3. A Simple Example

Do the network from the fosgerau paper?

Note

The example presented demonstrates the reverse order to a typical use case. Here we simulate observations, picking arbitrary parameters and then estimate parameters from those observations. This is nice for a simple example since then we don’t need an external data source.

3.1. Prediction

First we illustrate how to simulate observations on a trivial network, with the arbitrary parameter weight for the single network attribute; distance being \(\beta=-0.4\).

import numpy as np
from recursiveRouteChoice import RecursiveLogitModelPrediction, ModelDataStruct

# DATA
# A trivial network
distances = np.array(
    [[0, 5, 0, 4],
     [0, 0, 6, 0],
     [0, 6, 0, 5],
     [4, 0, 0, 0]])

incidence_mat = (distances > 0).astype(int)

network_attribute_list = [distances]
network_struct = ModelDataStruct(network_attribute_list, incidence_mat,
                                 data_array_names_debug=("distances",))
model = RecursiveLogitModelPrediction(network_struct, initial_beta=[-0.4], mu=1)

obs_indices = [0, 3]
dest_indices = [1, 2]
obs_per_pair = 15
print(f"Generating {obs_per_pair * len(obs_indices) * len(dest_indices)} obs total")

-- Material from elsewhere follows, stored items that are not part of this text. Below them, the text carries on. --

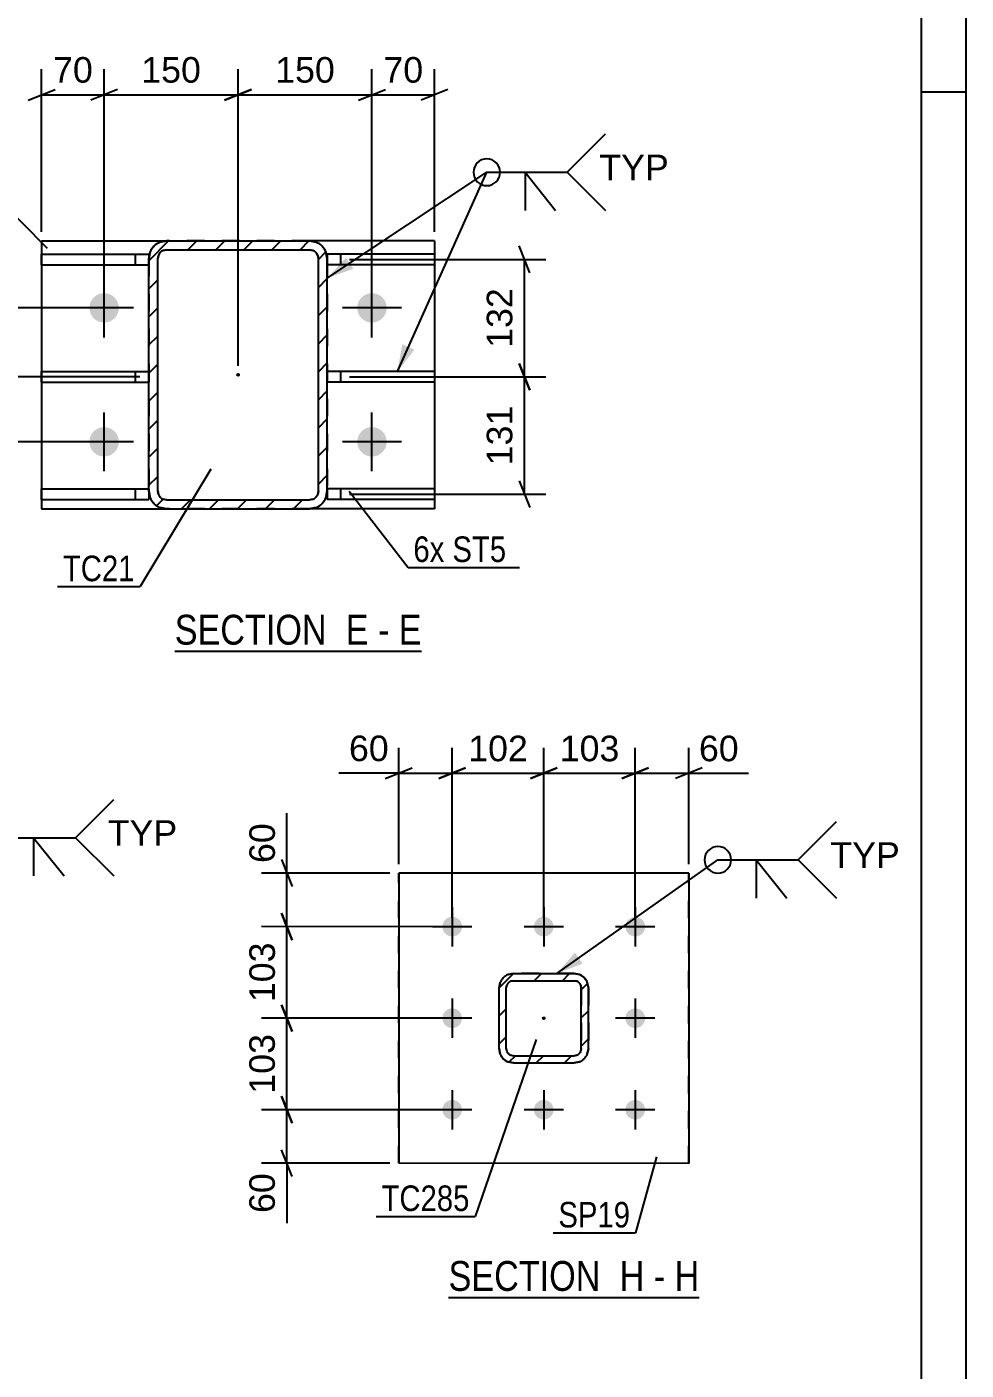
# Model space of a CAD drawing. Header units: millimetres. Extents: x -118 to 476, y -181 to 239.
# Drawn here: x 371.2 to 476.4, y -25.9 to 124.5 of the extents above; entities that cross this region are included whole.
import ezdxf

# ---------------------------------------------------------------- set-up
doc = ezdxf.new("R2010")
doc.units = ezdxf.units.MM
doc.linetypes.add('DXK_LINE_DOT2', pattern=[3.9198, 1.9599, -1.9599])
doc.linetypes.add('DXK_LINE_DOT3', pattern=[5.9187, 2.979, -0.9799, 0.9799, -0.9799])
doc.styles.add('Arial', font='ARIAL.TTF', dxfattribs={"height": 0.2})
doc.styles.add('Arial Narrow', font='ARIALN.TTF', dxfattribs={"height": 0.2})

# ---------------------------------------------------------------- blocks, each defined once
blk = doc.blocks.new('Unknown-284858552-18 - 3652')
at = {"color": 6, "linetype": 'Continuous'}
blk.add_line((387.77, 54.6), (415.42, 54.6), dxfattribs=at)
at = {"color": 0, "linetype": 'Continuous'}
for points in [[(405.88, 55.35), (405.88, 58.85), (387.77, 58.85), (387.77, 55.35)], [(409.49, 55.35), (409.49, 58.85), (406.93, 58.85), (406.93, 55.35)], [(411.81, 55.35), (411.81, 58.85), (410.54, 58.85), (410.54, 55.35)], [(415.42, 55.35), (415.42, 58.85), (412.86, 58.85), (412.86, 55.35)]]:
    blk.add_wipeout(points, dxfattribs=at)
at = {"color": 7, "linetype": 'Continuous', "style": 'Arial Narrow'}
for s, p in [('SECTION ', (387.77, 55.35)), ('E', (406.93, 55.35)), ('E', (412.86, 55.35)), ('-', (410.54, 55.35))]:
    blk.add_text(s, height=3.34, dxfattribs=at).set_placement(p)
blk = doc.blocks.new('Unknown-284858552-1134')
at = {"color": 5, "linetype": 'Continuous'}
for p, q in [((476.41, -180.8), (476.41, 239.2)), ((471.41, -175.8), (471.41, 234.2)), ((476.41, 117.2), (471.41, 117.2))]:
    blk.add_line(p, q, dxfattribs=at)
blk = doc.blocks.new('Unknown-284858552-19 - 3858')
at = {"color": 6, "linetype": 'Continuous'}
blk.add_line((418.44, -17.77), (446.52, -17.77), dxfattribs=at)
at = {"color": 0, "linetype": 'Continuous'}
for points in [[(436.55, -17.02), (436.55, -13.52), (418.44, -13.52), (418.44, -17.02)], [(440.37, -17.02), (440.37, -13.52), (437.6, -13.52), (437.6, -17.02)], [(442.7, -17.02), (442.7, -13.52), (441.42, -13.52), (441.42, -17.02)], [(446.52, -17.02), (446.52, -13.52), (443.75, -13.52), (443.75, -17.02)]]:
    blk.add_wipeout(points, dxfattribs=at)
at = {"color": 7, "linetype": 'Continuous', "style": 'Arial Narrow'}
for s, p in [('SECTION ', (418.44, -17.02)), ('H', (437.6, -17.02)), ('H', (443.75, -17.02)), ('-', (441.42, -17.02))]:
    blk.add_text(s, height=3.34, dxfattribs=at).set_placement(p)
blk = doc.blocks.new('Part-284858552-3731 - 3652')
at = {"color": 2, "linetype": 'Continuous'}
for p, q in [((372.86, 71.59), (372.86, 72.79)), ((372.86, 72.79), (384.86, 72.79)), ((384.86, 72.56), (384.86, 71.59)), ((372.86, 71.59), (384.86, 71.59))]:
    blk.add_line(p, q, dxfattribs=at)
at = {"color": 7, "linetype": 'DXK_LINE_DOT2'}
for p, q in [((383.36, 71.59), (383.36, 72.79)), ((384.86, 72.79), (384.86, 72.56))]:
    blk.add_line(p, q, dxfattribs=at)
blk = doc.blocks.new('Bolt-284858552-3667 - 3652')
at = {"linetype": 'Continuous'}
for points in [[(378.21, 93.06, -1), (381.51, 93.06, -1)], [(408.21, 93.06, -1), (411.51, 93.06, -1)], [(378.21, 78.06, -1), (381.51, 78.06, -1)], [(408.21, 78.06, -1), (411.51, 78.06, -1)]]:
    blk.add_hatch(color=1, dxfattribs=at).paths.add_polyline_path(points)
at = {"color": 1, "linetype": 'Continuous'}
for p, q in [((379.86, 89.76), (379.86, 96.36)), ((409.86, 89.76), (409.86, 96.36)), ((383.16, 93.06), (376.56, 93.06)), ((413.16, 93.06), (406.56, 93.06)), ((379.86, 74.76), (379.86, 81.36)), ((409.86, 74.76), (409.86, 81.36)), ((383.16, 78.06), (376.56, 78.06)), ((413.16, 78.06), (406.56, 78.06))]:
    blk.add_line(p, q, dxfattribs=at)
blk = doc.blocks.new('Part-284858552-3701 - 3652')
at = {"color": 2, "linetype": 'Continuous'}
for p, q in [((372.86, 100.56), (372.86, 70.56)), ((372.86, 100.56), (386.86, 100.56)), ((416.86, 100.56), (402.86, 100.56)), ((416.86, 100.56), (416.86, 70.56)), ((372.86, 70.56), (386.86, 70.56)), ((416.86, 70.56), (402.86, 70.56))]:
    blk.add_line(p, q, dxfattribs=at)
at = {"color": 7, "linetype": 'DXK_LINE_DOT2'}
for p, q in [((402.86, 100.56), (386.86, 100.56)), ((402.86, 70.56), (386.86, 70.56))]:
    blk.add_line(p, q, dxfattribs=at)
blk = doc.blocks.new('Part-284858552-3689 - 3652')
at = {"linetype": 'Continuous'}
h = blk.add_hatch(dxfattribs=at)
h.set_pattern_fill('', scale=0.7, style=0, pattern_type=0)
h.set_pattern_definition([(45, (404.7067, 99.3226), (-1.57154, 1.57154), [])])
h.paths.add_polyline_path([(404.86, 98.56), (404.71, 99.32), (404.27, 99.97), (403.62, 100.41), (402.86, 100.56), (386.86, 100.56), (386.09, 100.41), (385.44, 99.97), (385.01, 99.32), (384.86, 98.56), (384.86, 72.56), (385.01, 71.79), (385.44, 71.14), (386.09, 70.71), (386.86, 70.56), (402.86, 70.56), (403.62, 70.71), (404.27, 71.14), (404.71, 71.79), (404.86, 72.56)])
h.paths.add_polyline_path([(403.78, 72.17), (403.57, 71.85), (403.24, 71.63), (402.86, 71.56), (386.86, 71.56), (386.48, 71.63), (386.15, 71.85), (385.94, 72.17), (385.86, 72.56), (385.86, 98.56), (385.94, 98.94), (386.15, 99.26), (386.48, 99.48), (386.86, 99.56), (402.86, 99.56), (403.24, 99.48), (403.57, 99.26), (403.78, 98.94), (403.86, 98.56), (403.86, 72.56)])
blk.add_hatch(color=246, dxfattribs=at).paths.add_polyline_path([(394.86, 85.46, -1), (394.86, 85.66, -1)])
at = {"color": 7, "linetype": 'DXK_LINE_DOT2'}
for p, q in [((384.86, 98.56), (385.01, 99.32)), ((386.09, 100.41), (386.86, 100.56)), ((386.86, 99.56), (386.48, 99.48)), ((386.86, 100.56), (402.86, 100.56)), ((386.86, 99.56), (402.86, 99.56)), ((402.86, 100.56), (403.62, 100.41)), ((403.24, 99.48), (402.86, 99.56)), ((404.71, 99.32), (404.86, 98.56)), ((384.86, 98.56), (384.86, 72.56)), ((385.94, 98.94), (385.86, 98.56)), ((385.86, 72.56), (385.86, 98.56)), ((403.86, 98.56), (403.78, 98.94)), ((403.86, 72.56), (403.86, 98.56)), ((404.86, 98.56), (404.86, 72.56)), ((385.01, 71.79), (384.86, 72.56)), ((385.86, 72.56), (385.94, 72.17)), ((403.78, 72.17), (403.86, 72.56)), ((404.86, 72.56), (404.71, 71.79)), ((386.86, 70.56), (386.09, 70.71)), ((386.48, 71.63), (386.86, 71.56)), ((386.86, 71.56), (402.86, 71.56)), ((402.86, 71.56), (403.24, 71.63)), ((403.62, 70.71), (402.86, 70.56)), ((386.86, 70.56), (402.86, 70.56))]:
    blk.add_line(p, q, dxfattribs=at)
at = {"color": 2, "linetype": 'Continuous'}
for p, q in [((385.01, 99.32), (384.86, 98.56)), ((386.86, 100.56), (386.09, 100.41)), ((386.48, 99.48), (386.86, 99.56)), ((386.86, 100.56), (402.86, 100.56)), ((386.86, 99.56), (402.86, 99.56)), ((403.62, 100.41), (402.86, 100.56)), ((402.86, 99.56), (403.24, 99.48)), ((404.86, 98.56), (404.71, 99.32)), ((384.86, 72.56), (384.86, 98.56)), ((385.86, 98.56), (385.94, 98.94)), ((385.86, 72.56), (385.86, 98.56)), ((403.78, 98.94), (403.86, 98.56)), ((403.86, 72.56), (403.86, 98.56)), ((404.86, 72.56), (404.86, 98.56)), ((384.86, 72.56), (385.01, 71.79)), ((385.94, 72.17), (385.86, 72.56)), ((403.86, 72.56), (403.78, 72.17)), ((404.71, 71.79), (404.86, 72.56)), ((386.09, 70.71), (386.86, 70.56)), ((386.86, 71.56), (386.48, 71.63)), ((386.86, 71.56), (402.86, 71.56)), ((403.24, 71.63), (402.86, 71.56)), ((402.86, 70.56), (403.62, 70.71)), ((386.86, 70.56), (402.86, 70.56))]:
    blk.add_line(p, q, dxfattribs=at)
at = {"color": 7, "linetype": 'DXK_LINE_DOT3'}
blk.add_line((394.86, 85.56), (394.86, 85.56), dxfattribs=at)
at = {"color": 246, "linetype": 'DXK_LINE_DOT2'}
blk.add_line((394.86, 85.56), (394.86, 85.56), dxfattribs=at)
at = {"color": 246, "linetype": 'Continuous'}
blk.add_circle((394.86, 85.56), 0.1, dxfattribs=at)
at = {"color": 7, "linetype": 'DXK_LINE_DOT2'}
for centre, radius, start, end in [((386.86, 98.56), 2, 112.5, 157.5), ((386.86, 98.56), 1, 112.5, 157.5), ((402.86, 98.56), 1, 22.5, 67.5), ((402.86, 98.56), 2, 22.5, 67.5), ((386.86, 72.56), 2, 202.5, 247.5), ((386.86, 72.56), 1, 202.5, 247.5), ((402.86, 72.56), 1, 292.5, 337.5), ((402.86, 72.56), 2, 292.5, 337.5)]:
    blk.add_arc(centre, radius, start, end, dxfattribs=at)
at = {"color": 2, "linetype": 'Continuous'}
for centre, radius, start, end in [((386.86, 98.56), 2, 112.5, 157.5), ((386.86, 98.56), 1, 112.5, 157.5), ((402.86, 98.56), 1, 22.5, 67.5), ((402.86, 98.56), 2, 22.5, 67.5), ((386.86, 72.56), 2, 202.5, 247.5), ((386.86, 72.56), 1, 202.5, 247.5), ((402.86, 72.56), 1, 292.5, 337.5), ((402.86, 72.56), 2, 292.5, 337.5)]:
    blk.add_arc(centre, radius, start, end, dxfattribs=at)
blk = doc.blocks.new('Part-284858552-3706 - 3652')
at = {"color": 2, "linetype": 'Continuous'}
for p, q in [((416.86, 85.94), (404.86, 85.94)), ((416.86, 85.94), (416.86, 84.74)), ((416.86, 84.74), (404.86, 84.74))]:
    blk.add_line(p, q, dxfattribs=at)
at = {"color": 7, "linetype": 'DXK_LINE_DOT2'}
for p, q in [((404.86, 85.94), (404.86, 84.74)), ((406.36, 84.74), (406.36, 85.94))]:
    blk.add_line(p, q, dxfattribs=at)
blk = doc.blocks.new('Part-284858552-3711 - 3652')
at = {"color": 2, "linetype": 'Continuous'}
for p, q in [((416.86, 99.09), (404.86, 99.09)), ((404.86, 99.09), (404.86, 98.56)), ((416.86, 97.89), (404.86, 97.89)), ((416.86, 99.09), (416.86, 97.89))]:
    blk.add_line(p, q, dxfattribs=at)
at = {"color": 7, "linetype": 'DXK_LINE_DOT2'}
for p, q in [((404.86, 98.56), (404.86, 97.89)), ((406.36, 97.89), (406.36, 99.09))]:
    blk.add_line(p, q, dxfattribs=at)
blk = doc.blocks.new('Part-284858552-3716 - 3652')
at = {"color": 2, "linetype": 'Continuous'}
for p, q in [((416.86, 72.79), (404.86, 72.79)), ((404.86, 72.56), (404.86, 71.59)), ((416.86, 72.79), (416.86, 71.59)), ((416.86, 71.59), (404.86, 71.59))]:
    blk.add_line(p, q, dxfattribs=at)
at = {"color": 7, "linetype": 'DXK_LINE_DOT2'}
for p, q in [((404.86, 72.79), (404.86, 72.56)), ((406.36, 71.59), (406.36, 72.79))]:
    blk.add_line(p, q, dxfattribs=at)
blk = doc.blocks.new('Part-284858552-3721 - 3652')
at = {"color": 2, "linetype": 'Continuous'}
for p, q in [((372.86, 84.74), (372.86, 85.94)), ((372.86, 85.94), (384.86, 85.94)), ((372.86, 84.74), (384.86, 84.74))]:
    blk.add_line(p, q, dxfattribs=at)
at = {"color": 7, "linetype": 'DXK_LINE_DOT2'}
for p, q in [((383.36, 84.74), (383.36, 85.94)), ((384.86, 85.94), (384.86, 84.74))]:
    blk.add_line(p, q, dxfattribs=at)
blk = doc.blocks.new('Part-284858552-3726 - 3652')
at = {"color": 2, "linetype": 'Continuous'}
for p, q in [((372.86, 97.89), (372.86, 99.09)), ((372.86, 99.09), (384.86, 99.09)), ((372.86, 97.89), (384.86, 97.89)), ((384.86, 99.09), (384.86, 98.56))]:
    blk.add_line(p, q, dxfattribs=at)
at = {"color": 7, "linetype": 'DXK_LINE_DOT2'}
for p, q in [((383.36, 97.89), (383.36, 99.09)), ((384.86, 98.56), (384.86, 97.89))]:
    blk.add_line(p, q, dxfattribs=at)
blk = doc.blocks.new('Bolt-284858552-3872 - 3858')
at = {"linetype": 'Continuous'}
for points in [[(419.95, 23.76), (419.93, 23.54), (419.86, 23.32), (419.74, 23.12), (419.59, 22.95), (419.4, 22.81), (419.19, 22.72), (418.97, 22.67), (418.74, 22.67), (418.51, 22.72), (418.3, 22.81), (418.11, 22.95), (417.96, 23.12), (417.85, 23.32), (417.78, 23.54), (417.75, 23.77), (417.78, 23.99), (417.85, 24.21), (417.96, 24.41), (418.12, 24.58), (418.3, 24.72), (418.51, 24.81), (418.74, 24.86), (418.97, 24.86), (419.19, 24.81), (419.4, 24.72), (419.59, 24.58), (419.74, 24.41), (419.86, 24.21), (419.93, 23.99)], [(430.2, 23.76), (430.18, 23.53), (430.11, 23.31), (429.99, 23.12), (429.84, 22.94), (429.65, 22.81), (429.44, 22.72), (429.22, 22.67), (428.99, 22.67), (428.76, 22.72), (428.55, 22.81), (428.36, 22.95), (428.21, 23.12), (428.1, 23.32), (428.03, 23.53), (428, 23.76), (428.03, 23.99), (428.1, 24.21), (428.21, 24.41), (428.37, 24.58), (428.55, 24.72), (428.76, 24.81), (428.99, 24.86), (429.22, 24.86), (429.44, 24.81), (429.65, 24.72), (429.84, 24.58), (429.99, 24.41), (430.11, 24.21), (430.18, 23.99)], [(440.45, 23.76), (440.43, 23.53), (440.36, 23.31), (440.24, 23.11), (440.09, 22.94), (439.9, 22.81), (439.69, 22.71), (439.47, 22.67), (439.24, 22.67), (439.01, 22.71), (438.8, 22.81), (438.61, 22.94), (438.46, 23.11), (438.35, 23.31), (438.28, 23.53), (438.25, 23.76), (438.28, 23.99), (438.35, 24.21), (438.46, 24.41), (438.62, 24.58), (438.8, 24.71), (439.01, 24.81), (439.24, 24.85), (439.47, 24.85), (439.69, 24.81), (439.9, 24.71), (440.09, 24.58), (440.24, 24.41), (440.36, 24.21), (440.43, 23.99)], [(419.95, 13.51), (419.93, 13.29), (419.85, 13.07), (419.74, 12.87), (419.59, 12.7), (419.4, 12.56), (419.19, 12.47), (418.96, 12.42), (418.73, 12.42), (418.51, 12.47), (418.3, 12.56), (418.11, 12.7), (417.96, 12.87), (417.84, 13.07), (417.77, 13.29), (417.75, 13.52), (417.77, 13.74), (417.84, 13.96), (417.96, 14.16), (418.11, 14.33), (418.3, 14.47), (418.51, 14.56), (418.73, 14.61), (418.96, 14.61), (419.19, 14.56), (419.4, 14.47), (419.59, 14.33), (419.74, 14.16), (419.85, 13.96), (419.93, 13.74)], [(440.45, 13.51), (440.43, 13.28), (440.35, 13.06), (440.24, 12.86), (440.09, 12.69), (439.9, 12.56), (439.69, 12.46), (439.46, 12.42), (439.23, 12.42), (439.01, 12.46), (438.8, 12.56), (438.61, 12.69), (438.46, 12.86), (438.34, 13.06), (438.27, 13.28), (438.25, 13.51), (438.27, 13.74), (438.34, 13.96), (438.46, 14.16), (438.61, 14.33), (438.8, 14.46), (439.01, 14.56), (439.23, 14.6), (439.46, 14.6), (439.69, 14.56), (439.9, 14.46), (440.09, 14.33), (440.24, 14.16), (440.35, 13.96), (440.43, 13.74)], [(419.95, 3.26), (419.92, 3.04), (419.85, 2.82), (419.74, 2.62), (419.58, 2.45), (419.4, 2.31), (419.19, 2.22), (418.96, 2.17), (418.73, 2.17), (418.51, 2.22), (418.3, 2.31), (418.11, 2.45), (417.96, 2.62), (417.84, 2.82), (417.77, 3.04), (417.75, 3.27), (417.77, 3.49), (417.84, 3.71), (417.96, 3.91), (418.11, 4.08), (418.3, 4.22), (418.51, 4.31), (418.73, 4.36), (418.96, 4.36), (419.19, 4.31), (419.4, 4.22), (419.58, 4.08), (419.74, 3.91), (419.85, 3.71), (419.92, 3.49)], [(430.2, 3.26), (430.17, 3.03), (430.1, 2.81), (429.99, 2.62), (429.83, 2.44), (429.65, 2.31), (429.44, 2.22), (429.21, 2.17), (428.98, 2.17), (428.76, 2.22), (428.55, 2.31), (428.36, 2.45), (428.21, 2.62), (428.09, 2.82), (428.02, 3.03), (428, 3.26), (428.02, 3.49), (428.09, 3.71), (428.21, 3.91), (428.36, 4.08), (428.55, 4.22), (428.76, 4.31), (428.98, 4.36), (429.21, 4.36), (429.44, 4.31), (429.65, 4.22), (429.83, 4.08), (429.99, 3.91), (430.1, 3.71), (430.17, 3.49)], [(440.45, 3.26), (440.42, 3.03), (440.35, 2.81), (440.24, 2.61), (440.08, 2.44), (439.9, 2.31), (439.69, 2.21), (439.46, 2.17), (439.23, 2.17), (439.01, 2.21), (438.8, 2.31), (438.61, 2.44), (438.46, 2.61), (438.34, 2.81), (438.27, 3.03), (438.25, 3.26), (438.27, 3.49), (438.34, 3.71), (438.46, 3.91), (438.61, 4.08), (438.8, 4.21), (439.01, 4.31), (439.23, 4.35), (439.46, 4.35), (439.69, 4.31), (439.9, 4.21), (440.08, 4.08), (440.24, 3.91), (440.35, 3.71), (440.42, 3.49)]]:
    blk.add_hatch(color=1, dxfattribs=at).paths.add_polyline_path(points)
at = {"color": 1, "linetype": 'Continuous'}
for p, q in [((418.85, 25.96), (418.85, 21.56)), ((429.1, 25.96), (429.1, 21.56)), ((439.35, 25.96), (439.35, 21.56)), ((421.05, 23.76), (416.65, 23.76)), ((431.3, 23.76), (426.9, 23.76)), ((441.55, 23.76), (437.15, 23.76)), ((418.85, 15.71), (418.85, 11.31)), ((439.35, 15.71), (439.35, 11.31)), ((421.05, 13.51), (416.65, 13.51)), ((441.55, 13.51), (437.15, 13.51)), ((418.85, 5.46), (418.85, 1.06)), ((429.1, 5.46), (429.1, 1.06)), ((439.35, 5.46), (439.35, 1.06)), ((421.05, 3.26), (416.65, 3.26)), ((431.3, 3.26), (426.9, 3.26)), ((441.55, 3.26), (437.15, 3.26))]:
    blk.add_line(p, q, dxfattribs=at)
blk = doc.blocks.new('Part-284858552-3897 - 3858')
at = {"color": 2, "linetype": 'Continuous'}
for p, q in [((445.35, 29.76), (412.85, 29.77)), ((412.85, 29.77), (412.85, -2.73)), ((445.35, 29.76), (445.35, 29.76)), ((445.35, 29.76), (445.35, -2.74)), ((445.35, -2.74), (412.85, -2.73)), ((445.35, -2.74), (445.35, -2.74))]:
    blk.add_line(p, q, dxfattribs=at)
at = {"color": 7, "linetype": 'DXK_LINE_DOT2'}
for p, q in [((412.85, -2.73), (412.85, 29.77)), ((445.35, -2.74), (445.35, 29.76)), ((445.35, 29.76), (445.35, 29.76)), ((445.35, -2.74), (445.35, -2.74))]:
    blk.add_line(p, q, dxfattribs=at)
blk = doc.blocks.new('Part-284858552-3903 - 3858')
at = {"linetype": 'Continuous'}
h = blk.add_hatch(dxfattribs=at)
h.set_pattern_fill('', scale=0.7, style=0, pattern_type=0)
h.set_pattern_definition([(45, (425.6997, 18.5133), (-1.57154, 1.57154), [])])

obs = model.generate_observations(origin_indices=obs_indices, dest_indices=dest_indices,
                                  num_obs_per_pair=obs_per_pair, iter_cap=2000, rng_seed=1)
print(obs)

The code is hopefully rather self explanatory. We supply the input data and incidence matrix to the ModelDataStruct which provides a generic interface for the model to access network attributes through. To predict, we initialise the model, supplying the value for \(\beta\). Finally, we simulate trips between the provided arcs on the network, with repetition.

3.2. Estimation

Now we follow on from the above example, reusing the same network, and assume that we are trying to estimate the parameter \(\beta\) from obs as generated above.

from recursiveRouteChoice import RecursiveLogitModelEstimation, optimisers  # noqa #402

optimiser = optimisers.ScipyOptimiser(method='bfgs')

model = RecursiveLogitModelEstimation(network_struct, observations_record=obs,
                                      initial_beta=[-5], mu=1,
                                      optimiser=optimiser)
beta = model.solve_for_optimal_beta(verbose=False)

print("Optimal beta determined was", beta)

The estimation code is also very simple. We declare the optimiser class to use, supply it to the model, with some initial guess for \(\beta\) and then solve, which hopefully will converge.